The resected specimen consisted of a segment of normal-appearing small intestine measuring 64 cm in length and 4.2 cm in diameter with an attached wedge of mesentery, which contained a well-circumscribed ovoid mass measuring 8.5 X 8.0 X 2.0 cm. The external surface of the mass was smooth and covered by delicate ramifying blood vessels. On cut surface, the mass consisted of a spongy, maroon, encapsulated mass with delicate septae coursing through it (Figure 2). The mass was distinct from the small bowel.
[FIGURE 2 OMITTED]
Histologically, the tumor was composed of uniform small round cells (chief cells) arranged in discrete cohesive lobules (zellballen). These nests of tumor cells were peripherally encircled by spindle cells consistent with sustentacular cells. The stroma was highly vascular. Altogether, these features were diagnostic of a paraganglioma (Figure 3). Immunohistochemistry confirmed the presence of 2 cell populations: the chief cells stained with neuron-specific enolase and chromogranin, whereas the sustentacular cells stained with S100 protein. Ultrastructural studies performed on the tumor showed that the cells contained a uniform population of small dense neurosecretory granules (Figure 4), measuring approximately 150 [micro]m, confirming the diagnosis of paraganglioma.
[FIGURES 3-4 OMITTED]
The parenchymal cells of the paraganglia and other elements of the autonomic nervous system arise from neural crest cells. They are derived from the neuroblastic anlage associated with the dorsal roots of vertebral somites or primitive cells associated with cranial nerve ganglia. (5) From these sites, the neural crest cells migrate (1) to the head and neck, adjacent to blood vessels and cranial nerves; (2) from the neck to the pelvis, close to the distribution of the sympathetic plexus and chains; (3) to the visceral autonomic system, which comprises a less well-defined group occurring in association with blood vessels or visceral organs; and (4) to the adrenal gland.

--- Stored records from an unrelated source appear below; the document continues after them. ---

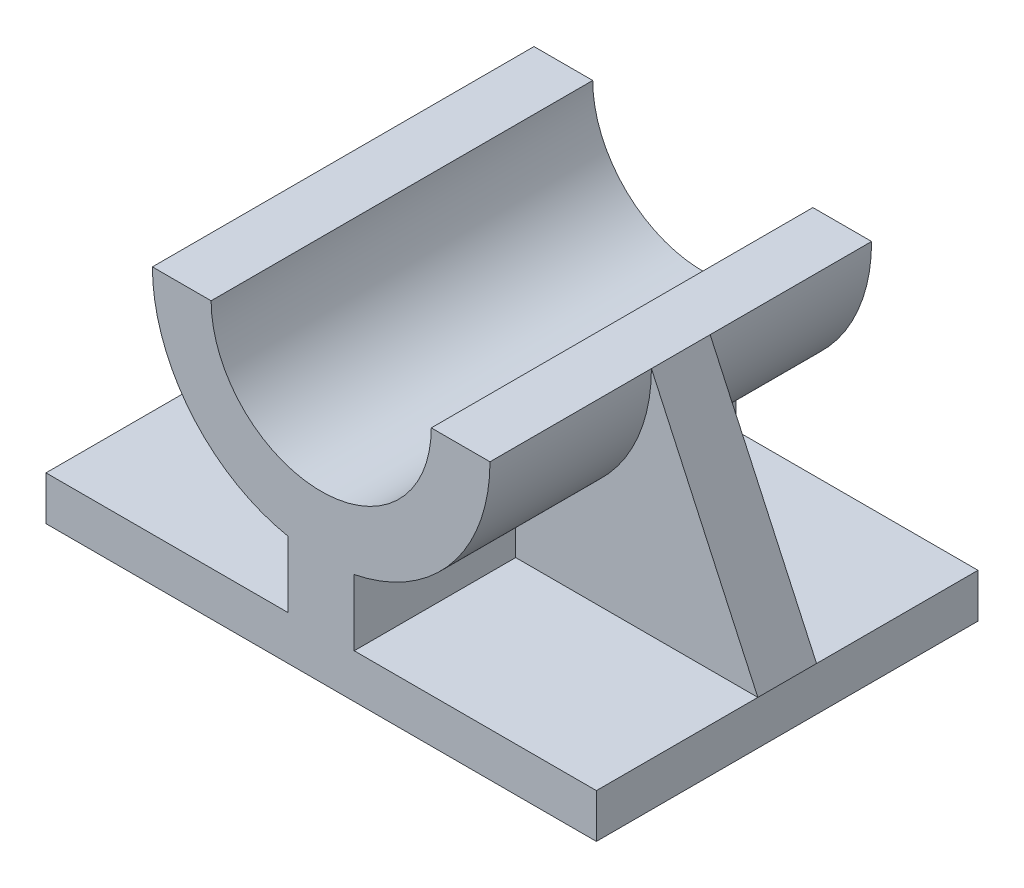
ISO-10303-21;
HEADER;
FILE_DESCRIPTION(('STEP AP214'),'2;1');
FILE_NAME('part.step','',(''),(''),'','','');
FILE_SCHEMA(('AUTOMOTIVE_DESIGN { 1 0 10303 214 1 1 1 1 }'));
ENDSEC;
DATA;
#1=APPLICATION_CONTEXT('core data for automotive mechanical design processes');
#2=APPLICATION_PROTOCOL_DEFINITION('international standard','automotive_design',2000,#1);
#3=PRODUCT_CONTEXT('',#1,'mechanical');
#4=PRODUCT('Part','Part','',(#3));
#5=PRODUCT_RELATED_PRODUCT_CATEGORY('part','',(#4));
#6=PRODUCT_DEFINITION_FORMATION('','',#4);
#7=PRODUCT_DEFINITION_CONTEXT('part definition',#1,'design');
#8=PRODUCT_DEFINITION('design','',#6,#7);
#9=PRODUCT_DEFINITION_SHAPE('','',#8);
#10=(LENGTH_UNIT() NAMED_UNIT(*) SI_UNIT(.MILLI.,.METRE.));
#11=(NAMED_UNIT(*) PLANE_ANGLE_UNIT() SI_UNIT($,.RADIAN.));
#12=(NAMED_UNIT(*) SI_UNIT($,.STERADIAN.) SOLID_ANGLE_UNIT());
#13=UNCERTAINTY_MEASURE_WITH_UNIT(LENGTH_MEASURE(1.E-05),#10,'distance_accuracy_value','');
#14=(GEOMETRIC_REPRESENTATION_CONTEXT(3) GLOBAL_UNCERTAINTY_ASSIGNED_CONTEXT((#13)) GLOBAL_UNIT_ASSIGNED_CONTEXT((#10,
#11,#12)) REPRESENTATION_CONTEXT('',''));
#15=CARTESIAN_POINT('',(0.,0.,0.));
#16=DIRECTION('',(0.,0.,1.));
#17=DIRECTION('',(1.,0.,0.));
#18=AXIS2_PLACEMENT_3D('',#15,#16,#17);
#19=CARTESIAN_POINT('',(0.,-31.5554871372799,-26.));
#20=DIRECTION('',(0.,-1.,0.));
#21=DIRECTION('',(1.,0.,0.));
#22=AXIS2_PLACEMENT_3D('',#19,#20,#21);
#23=PLANE('',#22);
#24=DIRECTION('',(-1.,0.,0.));
#25=VECTOR('',#24,1.);
#26=CARTESIAN_POINT('',(0.,-31.5554871372799,-4.));
#27=LINE('',#26,#25);
#28=CARTESIAN_POINT('',(-4.49999999999999,-31.5554871372799,-4.));
#29=VERTEX_POINT('',#28);
#30=CARTESIAN_POINT('',(-37.5,-31.5554871372799,-4.));
#31=VERTEX_POINT('',#30);
#32=EDGE_CURVE('E196',#29,#31,#27,.T.);
#33=ORIENTED_EDGE('',*,*,#32,.F.);
#34=DIRECTION('',(0.,0.,1.));
#35=VECTOR('',#34,1.);
#36=CARTESIAN_POINT('',(-4.49999999999999,-31.5554871372799,-26.));
#37=LINE('',#36,#35);
#38=CARTESIAN_POINT('',(-4.49999999999999,-31.5554871372799,-26.));
#39=VERTEX_POINT('',#38);
#40=EDGE_CURVE('E328',#39,#29,#37,.T.);
#41=ORIENTED_EDGE('',*,*,#40,.F.);
#42=DIRECTION('',(1.,0.,0.));
#43=VECTOR('',#42,1.);
#44=CARTESIAN_POINT('',(0.,-31.5554871372799,-26.));
#45=LINE('',#44,#43);
#46=CARTESIAN_POINT('',(-37.5,-31.5554871372799,-26.));
#47=VERTEX_POINT('',#46);
#48=EDGE_CURVE('E267',#47,#39,#45,.T.);
#49=ORIENTED_EDGE('',*,*,#48,.F.);
#50=DIRECTION('',(0.,0.,1.));
#51=VECTOR('',#50,1.);
#52=CARTESIAN_POINT('',(-37.5,-31.5554871372799,-26.));
#53=LINE('',#52,#51);
#54=EDGE_CURVE('E51',#47,#31,#53,.T.);
#55=ORIENTED_EDGE('',*,*,#54,.T.);
#56=EDGE_LOOP('',(#33,#41,#49,#55));
#57=FACE_BOUND('',#56,.T.);
#58=ADVANCED_FACE('F41',(#57),#23,.F.);
#59=CARTESIAN_POINT('',(-4.49999999999994,0.,-26.));
#60=DIRECTION('',(1.,0.,0.));
#61=DIRECTION('',(0.,1.,0.));
#62=AXIS2_PLACEMENT_3D('',#59,#60,#61);
#63=PLANE('',#62);
#64=DIRECTION('',(0.,-1.,0.));
#65=VECTOR('',#64,1.);
#66=CARTESIAN_POINT('',(-4.49999999999994,0.,-4.));
#67=LINE('',#66,#65);
#68=CARTESIAN_POINT('',(-4.49999999999998,-22.5554871372799,-4.));
#69=VERTEX_POINT('',#68);
#70=EDGE_CURVE('E208',#69,#29,#67,.T.);
#71=ORIENTED_EDGE('',*,*,#70,.F.);
#72=DIRECTION('',(0.,0.,1.));
#73=VECTOR('',#72,1.);
#74=CARTESIAN_POINT('',(-4.49999999999998,-22.5554871372799,-26.));
#75=LINE('',#74,#73);
#76=CARTESIAN_POINT('',(-4.49999999999998,-22.5554871372799,-26.));
#77=VERTEX_POINT('',#76);
#78=EDGE_CURVE('E205',#77,#69,#75,.T.);
#79=ORIENTED_EDGE('',*,*,#78,.F.);
#80=DIRECTION('',(0.,1.,0.));
#81=VECTOR('',#80,1.);
#82=CARTESIAN_POINT('',(-4.49999999999994,0.,-26.));
#83=LINE('',#82,#81);
#84=EDGE_CURVE('E273',#39,#77,#83,.T.);
#85=ORIENTED_EDGE('',*,*,#84,.F.);
#86=ORIENTED_EDGE('',*,*,#40,.T.);
#87=EDGE_LOOP('',(#71,#79,#85,#86));
#88=FACE_BOUND('',#87,.T.);
#89=ADVANCED_FACE('F427',(#88),#63,.F.);
#90=CARTESIAN_POINT('',(0.,0.,-26.));
#91=DIRECTION('',(0.,0.,1.));
#92=DIRECTION('',(1.,0.,0.));
#93=AXIS2_PLACEMENT_3D('',#90,#91,#92);
#94=CYLINDRICAL_SURFACE('',#93,23.);
#95=ORIENTED_EDGE('',*,*,#78,.T.);
#96=CARTESIAN_POINT('',(0.,0.,-4.));
#97=DIRECTION('',(0.,0.,1.));
#98=DIRECTION('',(1.,0.,0.));
#99=AXIS2_PLACEMENT_3D('',#96,#97,#98);
#100=CIRCLE('',#99,23.);
#101=CARTESIAN_POINT('',(-23.,0.,-4.));
#102=VERTEX_POINT('',#101);
#103=EDGE_CURVE('E193',#69,#102,#100,.F.);
#104=ORIENTED_EDGE('',*,*,#103,.T.);
#105=DIRECTION('',(0.,0.,1.));
#106=VECTOR('',#105,1.);
#107=CARTESIAN_POINT('',(-23.,0.,-26.));
#108=LINE('',#107,#106);
#109=CARTESIAN_POINT('',(-23.,0.,-26.));
#110=VERTEX_POINT('',#109);
#111=EDGE_CURVE('E187',#110,#102,#108,.T.);
#112=ORIENTED_EDGE('',*,*,#111,.F.);
#113=CARTESIAN_POINT('',(0.,0.,-26.));
#114=DIRECTION('',(0.,0.,1.));
#115=DIRECTION('',(1.,0.,0.));
#116=AXIS2_PLACEMENT_3D('',#113,#114,#115);
#117=CIRCLE('',#116,23.);
#118=EDGE_CURVE('E419',#110,#77,#117,.T.);
#119=ORIENTED_EDGE('',*,*,#118,.T.);
#120=EDGE_LOOP('',(#95,#104,#112,#119));
#121=FACE_BOUND('',#120,.T.);
#122=ADVANCED_FACE('F201',(#121),#94,.T.);
#123=CARTESIAN_POINT('',(0.,0.,-26.));
#124=DIRECTION('',(0.,0.,1.));
#125=DIRECTION('',(1.,0.,0.));
#126=AXIS2_PLACEMENT_3D('',#123,#124,#125);
#127=CYLINDRICAL_SURFACE('',#126,23.);
#128=DIRECTION('',(0.,0.,1.));
#129=VECTOR('',#128,1.);
#130=CARTESIAN_POINT('',(23.,0.,-26.));
#131=LINE('',#130,#129);
#132=CARTESIAN_POINT('',(23.,0.,-26.));
#133=VERTEX_POINT('',#132);
#134=CARTESIAN_POINT('',(23.,0.,-4.));
#135=VERTEX_POINT('',#134);
#136=EDGE_CURVE('E230',#133,#135,#131,.T.);
#137=ORIENTED_EDGE('',*,*,#136,.T.);
#138=CARTESIAN_POINT('',(0.,0.,-4.));
#139=DIRECTION('',(0.,0.,1.));
#140=DIRECTION('',(1.,0.,0.));
#141=AXIS2_PLACEMENT_3D('',#138,#139,#140);
#142=CIRCLE('',#141,23.);
#143=CARTESIAN_POINT('',(4.49999999999999,-22.5554871372799,-4.));
#144=VERTEX_POINT('',#143);
#145=EDGE_CURVE('E379',#135,#144,#142,.F.);
#146=ORIENTED_EDGE('',*,*,#145,.T.);
#147=DIRECTION('',(0.,0.,1.));
#148=VECTOR('',#147,1.);
#149=CARTESIAN_POINT('',(4.49999999999999,-22.5554871372799,-26.));
#150=LINE('',#149,#148);
#151=CARTESIAN_POINT('',(4.49999999999999,-22.5554871372799,-26.));
#152=VERTEX_POINT('',#151);
#153=EDGE_CURVE('E237',#152,#144,#150,.T.);
#154=ORIENTED_EDGE('',*,*,#153,.F.);
#155=CARTESIAN_POINT('',(0.,0.,-26.));
#156=DIRECTION('',(0.,0.,1.));
#157=DIRECTION('',(1.,0.,0.));
#158=AXIS2_PLACEMENT_3D('',#155,#156,#157);
#159=CIRCLE('',#158,23.);
#160=EDGE_CURVE('E407',#152,#133,#159,.T.);
#161=ORIENTED_EDGE('',*,*,#160,.T.);
#162=EDGE_LOOP('',(#137,#146,#154,#161));
#163=FACE_BOUND('',#162,.T.);
#164=ADVANCED_FACE('F567',(#163),#127,.T.);
#165=CARTESIAN_POINT('',(4.49999999999996,0.,-26.));
#166=DIRECTION('',(1.,0.,0.));
#167=DIRECTION('',(0.,1.,0.));
#168=AXIS2_PLACEMENT_3D('',#165,#166,#167);
#169=PLANE('',#168);
#170=ORIENTED_EDGE('',*,*,#153,.T.);
#171=DIRECTION('',(0.,-1.,0.));
#172=VECTOR('',#171,1.);
#173=CARTESIAN_POINT('',(4.49999999999996,0.,-4.));
#174=LINE('',#173,#172);
#175=CARTESIAN_POINT('',(4.5,-31.5554871372799,-4.));
#176=VERTEX_POINT('',#175);
#177=EDGE_CURVE('E375',#144,#176,#174,.T.);
#178=ORIENTED_EDGE('',*,*,#177,.T.);
#179=DIRECTION('',(0.,0.,1.));
#180=VECTOR('',#179,1.);
#181=CARTESIAN_POINT('',(4.5,-31.5554871372799,-26.));
#182=LINE('',#181,#180);
#183=CARTESIAN_POINT('',(4.5,-31.5554871372799,-26.));
#184=VERTEX_POINT('',#183);
#185=EDGE_CURVE('E242',#184,#176,#182,.T.);
#186=ORIENTED_EDGE('',*,*,#185,.F.);
#187=DIRECTION('',(0.,1.,0.));
#188=VECTOR('',#187,1.);
#189=CARTESIAN_POINT('',(4.49999999999996,0.,-26.));
#190=LINE('',#189,#188);
#191=EDGE_CURVE('E403',#184,#152,#190,.T.);
#192=ORIENTED_EDGE('',*,*,#191,.T.);
#193=EDGE_LOOP('',(#170,#178,#186,#192));
#194=FACE_BOUND('',#193,.T.);
#195=ADVANCED_FACE('F561',(#194),#169,.T.);
#196=CARTESIAN_POINT('',(0.,-31.5554871372799,-26.));
#197=DIRECTION('',(0.,1.,0.));
#198=DIRECTION('',(-1.,0.,0.));
#199=AXIS2_PLACEMENT_3D('',#196,#197,#198);
#200=PLANE('',#199);
#201=ORIENTED_EDGE('',*,*,#185,.T.);
#202=DIRECTION('',(1.,0.,0.));
#203=VECTOR('',#202,1.);
#204=CARTESIAN_POINT('',(0.,-31.5554871372799,-4.));
#205=LINE('',#204,#203);
#206=CARTESIAN_POINT('',(37.5,-31.5554871372799,-4.));
#207=VERTEX_POINT('',#206);
#208=EDGE_CURVE('E368',#176,#207,#205,.T.);
#209=ORIENTED_EDGE('',*,*,#208,.T.);
#210=DIRECTION('',(0.,0.,1.));
#211=VECTOR('',#210,1.);
#212=CARTESIAN_POINT('',(37.5,-31.5554871372799,-26.));
#213=LINE('',#212,#211);
#214=CARTESIAN_POINT('',(37.5,-31.5554871372799,-26.));
#215=VERTEX_POINT('',#214);
#216=EDGE_CURVE('E246',#215,#207,#213,.T.);
#217=ORIENTED_EDGE('',*,*,#216,.F.);
#218=DIRECTION('',(-1.,0.,0.));
#219=VECTOR('',#218,1.);
#220=CARTESIAN_POINT('',(0.,-31.5554871372799,-26.));
#221=LINE('',#220,#219);
#222=EDGE_CURVE('E399',#215,#184,#221,.T.);
#223=ORIENTED_EDGE('',*,*,#222,.T.);
#224=EDGE_LOOP('',(#201,#209,#217,#223));
#225=FACE_BOUND('',#224,.T.);
#226=ADVANCED_FACE('F488',(#225),#200,.T.);
#227=CARTESIAN_POINT('',(0.,-37.5554871372799,-26.));
#228=DIRECTION('',(0.,1.,0.));
#229=DIRECTION('',(-1.,0.,0.));
#230=AXIS2_PLACEMENT_3D('',#227,#228,#229);
#231=PLANE('',#230);
#232=DIRECTION('',(-1.,0.,0.));
#233=VECTOR('',#232,1.);
#234=CARTESIAN_POINT('',(0.,-37.5554871372799,26.));
#235=LINE('',#234,#233);
#236=CARTESIAN_POINT('',(37.5,-37.5554871372799,26.));
#237=VERTEX_POINT('',#236);
#238=CARTESIAN_POINT('',(-37.5,-37.5554871372799,26.));
#239=VERTEX_POINT('',#238);
#240=EDGE_CURVE('E277',#237,#239,#235,.T.);
#241=ORIENTED_EDGE('',*,*,#240,.T.);
#242=DIRECTION('',(0.,0.,1.));
#243=VECTOR('',#242,1.);
#244=CARTESIAN_POINT('',(-37.5,-37.5554871372799,-26.));
#245=LINE('',#244,#243);
#246=CARTESIAN_POINT('',(-37.5,-37.5554871372799,-26.));
#247=VERTEX_POINT('',#246);
#248=EDGE_CURVE('E11',#247,#239,#245,.T.);
#249=ORIENTED_EDGE('',*,*,#248,.F.);
#250=DIRECTION('',(-1.,0.,0.));
#251=VECTOR('',#250,1.);
#252=CARTESIAN_POINT('',(0.,-37.5554871372799,-26.));
#253=LINE('',#252,#251);
#254=CARTESIAN_POINT('',(37.5,-37.5554871372799,-26.));
#255=VERTEX_POINT('',#254);
#256=EDGE_CURVE('E322',#255,#247,#253,.T.);
#257=ORIENTED_EDGE('',*,*,#256,.F.);
#258=DIRECTION('',(0.,0.,1.));
#259=VECTOR('',#258,1.);
#260=CARTESIAN_POINT('',(37.5,-37.5554871372799,-26.));
#261=LINE('',#260,#259);
#262=EDGE_CURVE('E45',#255,#237,#261,.T.);
#263=ORIENTED_EDGE('',*,*,#262,.T.);
#264=EDGE_LOOP('',(#241,#249,#257,#263));
#265=FACE_BOUND('',#264,.T.);
#266=ADVANCED_FACE('F43',(#265),#231,.F.);
#267=CARTESIAN_POINT('',(-37.5,0.,-26.));
#268=DIRECTION('',(1.,0.,0.));
#269=DIRECTION('',(0.,0.,-1.));
#270=AXIS2_PLACEMENT_3D('',#267,#268,#269);
#271=PLANE('',#270);
#272=CARTESIAN_POINT('',(-37.5,-31.5554871372799,4.));
#273=VERTEX_POINT('',#272);
#274=CARTESIAN_POINT('',(-37.5,-31.5554871372799,26.));
#275=VERTEX_POINT('',#274);
#276=EDGE_CURVE('E327',#273,#275,#53,.T.);
#277=ORIENTED_EDGE('',*,*,#276,.F.);
#278=DIRECTION('',(0.,0.,-1.));
#279=VECTOR('',#278,1.);
#280=CARTESIAN_POINT('',(-37.5,-31.5554871372799,-26.));
#281=LINE('',#280,#279);
#282=EDGE_CURVE('E357',#273,#31,#281,.T.);
#283=ORIENTED_EDGE('',*,*,#282,.T.);
#284=ORIENTED_EDGE('',*,*,#54,.F.);
#285=DIRECTION('',(0.,1.,0.));
#286=VECTOR('',#285,1.);
#287=CARTESIAN_POINT('',(-37.5,0.,-26.));
#288=LINE('',#287,#286);
#289=EDGE_CURVE('E261',#247,#47,#288,.T.);
#290=ORIENTED_EDGE('',*,*,#289,.F.);
#291=ORIENTED_EDGE('',*,*,#248,.T.);
#292=DIRECTION('',(0.,1.,0.));
#293=VECTOR('',#292,1.);
#294=CARTESIAN_POINT('',(-37.5,0.,26.));
#295=LINE('',#294,#293);
#296=EDGE_CURVE('E319',#239,#275,#295,.T.);
#297=ORIENTED_EDGE('',*,*,#296,.T.);
#298=EDGE_LOOP('',(#277,#283,#284,#290,#291,#297));
#299=FACE_BOUND('',#298,.T.);
#300=ADVANCED_FACE('F434',(#299),#271,.F.);
#301=CARTESIAN_POINT('',(-4.49999999999999,-31.5554871372799,4.));
#302=VERTEX_POINT('',#301);
#303=CARTESIAN_POINT('',(-4.49999999999999,-31.5554871372799,26.));
#304=VERTEX_POINT('',#303);
#305=EDGE_CURVE('E331',#302,#304,#37,.T.);
#306=ORIENTED_EDGE('',*,*,#305,.F.);
#307=DIRECTION('',(-1.,0.,0.));
#308=VECTOR('',#307,1.);
#309=CARTESIAN_POINT('',(0.,-31.5554871372799,4.));
#310=LINE('',#309,#308);
#311=EDGE_CURVE('E207',#302,#273,#310,.T.);
#312=ORIENTED_EDGE('',*,*,#311,.T.);
#313=ORIENTED_EDGE('',*,*,#276,.T.);
#314=DIRECTION('',(1.,0.,0.));
#315=VECTOR('',#314,1.);
#316=CARTESIAN_POINT('',(0.,-31.5554871372799,26.));
#317=LINE('',#316,#315);
#318=EDGE_CURVE('E315',#275,#304,#317,.T.);
#319=ORIENTED_EDGE('',*,*,#318,.T.);
#320=EDGE_LOOP('',(#306,#312,#313,#319));
#321=FACE_BOUND('',#320,.T.);
#322=ADVANCED_FACE('F344',(#321),#23,.F.);
#323=CARTESIAN_POINT('',(-4.49999999999998,-22.5554871372799,4.));
#324=VERTEX_POINT('',#323);
#325=CARTESIAN_POINT('',(-4.49999999999998,-22.5554871372799,26.));
#326=VERTEX_POINT('',#325);
#327=EDGE_CURVE('E216',#324,#326,#75,.T.);
#328=ORIENTED_EDGE('',*,*,#327,.F.);
#329=DIRECTION('',(0.,-1.,0.));
#330=VECTOR('',#329,1.);
#331=CARTESIAN_POINT('',(-4.49999999999994,0.,4.));
#332=LINE('',#331,#330);
#333=EDGE_CURVE('E340',#324,#302,#332,.T.);
#334=ORIENTED_EDGE('',*,*,#333,.T.);
#335=ORIENTED_EDGE('',*,*,#305,.T.);
#336=DIRECTION('',(0.,1.,0.));
#337=VECTOR('',#336,1.);
#338=CARTESIAN_POINT('',(-4.49999999999994,0.,26.));
#339=LINE('',#338,#337);
#340=EDGE_CURVE('E311',#304,#326,#339,.T.);
#341=ORIENTED_EDGE('',*,*,#340,.T.);
#342=EDGE_LOOP('',(#328,#334,#335,#341));
#343=FACE_BOUND('',#342,.T.);
#344=ADVANCED_FACE('F338',(#343),#63,.F.);
#345=CARTESIAN_POINT('',(0.,0.,4.));
#346=DIRECTION('',(0.,0.,1.));
#347=DIRECTION('',(1.,0.,0.));
#348=AXIS2_PLACEMENT_3D('',#345,#346,#347);
#349=CIRCLE('',#348,23.);
#350=CARTESIAN_POINT('',(-23.,0.,3.99999999999999));
#351=VERTEX_POINT('',#350);
#352=EDGE_CURVE('E354',#324,#351,#349,.F.);
#353=ORIENTED_EDGE('',*,*,#352,.F.);
#354=ORIENTED_EDGE('',*,*,#327,.T.);
#355=CARTESIAN_POINT('',(0.,0.,26.));
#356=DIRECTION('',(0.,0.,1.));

In the fetus, paraganglionic tissue is derived from pheochromoblasts, the largest concentration present at a level extending from either the root of the inferior mesenteric artery or the renal artery to the aortic bifurcation, known as the organ(s) of Zuckerkandl. The fetal adrenal gland is composed primarily of neuroblasts, with an inconspicuous amount of pheochromoblasts. In contrast, in the adult, the mature adrenal medulla replaces the involuted organ(s) of Zuckerkandl to form the largest collection of paraganglionic tissue. Thus, neoplasms arising from paraganglia occur most frequently in the adrenal medulla, where they are known as pheochromocytoma. The remaining small amount of normal paraganglionic tissue occurs in extra-adrenal sites extending from the upper cervical region to the pelvis, paralleling the autonomic nervous system. Neoplasms derived from paraganglionic tissue in these sites are known as paragangliomas and arise mostly from remnants of the organ(s) of Zuckerkandl. Small amounts of paraganglionic tissue have been described in usual sites outside the conventional distribution, such as in the interatrial septum of the heart, liver hilus, gallbladder, urinary bladder, prostatic capsule, and mesenteric vessels, (6) potentially capable of giving rise to paragangliomas in these unusual sites. Under the Glenner and Grimley classification, (5) these paraganglia may qualify as the viscero-autonomic type, a group of poorly defined paraganglia that occur in association with visceral organs or blood vessels. Rare paragangliomas have also been described in locations outside the distribution of the autonomic nervous system, where normal paraganglionic tissue has not yet been characterized, such as the genitourinary tract, spermatic cord, sacrococcygeal area, anus, renal capsule, broad ligament of the uterus, ovary, and the vaginal wall. (6) These findings are difficult to explain, but can best be explained by the dispersed migratory property of the neural crest. (7)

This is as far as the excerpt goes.